Teresa Olivas prepares single face mask bags at Prep and Save store in Upland, Calif. on March 17, 2020. Customers scared of lockdown due to coronavirus cleaned out shelves carrying survival food, hand sanitizer and masks. (Irfan Khan/Los Angeles Times/TNS)

The Defense Department has begun signing contracts with defense firms to ramp up production of ventilators and N95 respirator masks in short supply around the country, but the medical equipment may not reach hospitals before coronavirus cases peak in the next few weeks, the Pentagon’s head of acquisition said.

“We will strive to do everything we can before June, but we have no data to address that now,” Under Secretary of Defense for Acquisition and Sustainment Ellen Lord said Tuesday at a media briefing at the Pentagon.

The hastened production is being managed under the Defense Production Act, a law that gives the president authority to protect critical national defense supplies by allowing him to prioritize contracts or provide loans, grants or other economic incentives to accelerate their production.

Through the DPA, the Department of Health and Human Services and the Federal Emergency Management Agency will identify what items are needed and then the Defense Department, through its vast connections with defense industries, will place and manage orders.

But only a few contracts have been executed so far.

Over the weekend, HHS signed a contract with five firms to produce N95 respirator masks, and the Defense Department, under its DPA authority, will now work with those vendors to be able to produce the masks quickly and in large quantities, Pentagon spokesman Air Force Lt. Col. Mike Andrews said.

Asked why the ramp-up for mask production was so late in coming, when the Pentagon had known about the severity of the pandemic for weeks, Lord said the Pentagon had not yet been directed by HHS or FEMA on what were the specific needs.

“They have to give us the demand signal,” Lord said. “Once we get clarity on the demand signal we’ll execute. If you’ll recall, FEMA just got the lead role on Friday.”

“This is all very new,” she said. “I know COVID has been here for several weeks, but this coordination at this level of detail just started on Friday.”

Likewise, the military’s top medic was questioned Tuesday as to why the Defense Department had not obtained more machines to process test kits for deployed forces and get a better picture of the virus’s spread among the military. Although the overall numbers among the 1.3 million active duty are still small, they are quickly climbing, from 49 coronavirus cases on March 18, to 227 on Wednesday.

It will be weeks to months before the machines will be available, said Air Force Brig. Gen. Paul Friedrichs, surgeon general for the Joint Chiefs of Staff.

“We’d love to have had it in January, but we didn’t know the virus was going to be this big of an issue in January,” Friedrichs said.

There were seemingly mixed messages coming from the White House earlier this week on whether the Defense Production Act had been used. President Donald Trump on Tuesday said he had not used it to compel increased production from private manufacturers, who he said are rising to the occasion on their own.

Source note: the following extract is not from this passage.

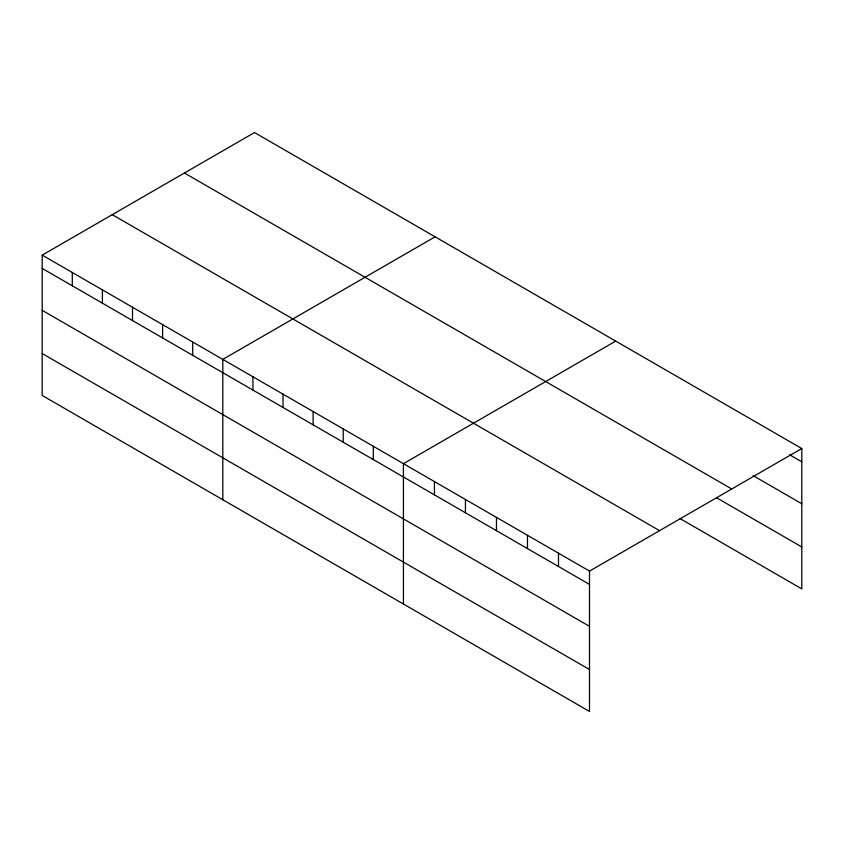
<?xml version="1.0" encoding="UTF-8"?>
<svg xmlns="http://www.w3.org/2000/svg" width="844" height="844" viewBox="0 0 844 844"><rect width="100%" height="100%" fill="white"/><g stroke="black" fill="none" stroke-linecap="round" stroke-linejoin="round"><path stroke-width="1.27" d="M589.502 626.322L589.502 571.103L42.2 255.12L42.2 395.467L589.502 711.45L589.502 626.322L42.2 310.339M679.958 518.532L801.8 588.88L801.8 448.533L254.498 132.55L42.2 255.12M435.103 236.826L222.805 359.396L222.805 499.743M615.719 341.103L403.421 463.672L403.421 604.019M589.502 571.103L801.8 448.533M789.615 454.789L801.8 461.826M753.059 475.615L801.8 503.752M184.435 172.999L731.737 488.982M716.514 497.717L801.8 546.954M112.263 214.671L659.565 530.654M42.2 268.413L589.502 584.396M42.2 353.541L589.502 669.524M558.485 553.2L558.485 566.493M527.479 535.286L527.479 548.589M496.462 517.383L496.462 530.676M465.445 499.479L465.445 512.772M434.438 481.576L434.438 494.869M373.322 446.286L373.322 459.59M343.213 428.91L343.213 442.203M313.113 411.534L313.113 424.827M283.014 394.148L283.014 407.452M252.915 376.772L252.915 390.065M192.706 342.01L192.706 355.313M162.607 324.634L162.607 337.927M132.508 307.258L132.508 320.551M102.398 289.882L102.398 303.175M72.299 272.496L72.299 285.799"/></g></svg>

“This morning, Ford, 3M, and General Electric Healthcare are making tremendous numbers — they’ve already started — of respirators ventilators and face shields,” Trump told reporters. “They’re working together. We didn’t have to exercise or utilize the DPA in any way. The fact that we have it helps, but we didn’t have to. And for the most part, we won’t have to.”

Lord said it was possible the White House was talking about the broader use of the Act, not the provisions the Pentagon, FEMA and HHS were utilizing to address coronavirus medical supplies. “I think he is talking about broadly using DPA to, in fact, take over private industry. That’s what he has clearly said he is not going to do,” she said. “The White House is very judiciously looking through what segments of DPA they will use.”

Vice President Mike Pence also said the law had been invoked last week, and that FEMA had provided more than 8 million N95 masks and 14 million surgical masks as of Tuesday.

“The president did initiate the Defense Production Act last week, but as the president has reflected many times, we will use the Defense Production Act if we need it to mandate production of — of critical supplies,” Pence said Tuesday. “But so far, no one has said no.”

Trump said Saturday that he had invoked the DPA to provide his administration with “powerful new authorities to help states, cities, and hospitals procure needed supplies.” He also said Tuesday he had invoked the act as legal justification for an executive order prohibiting the hoarding of personal protective equipment.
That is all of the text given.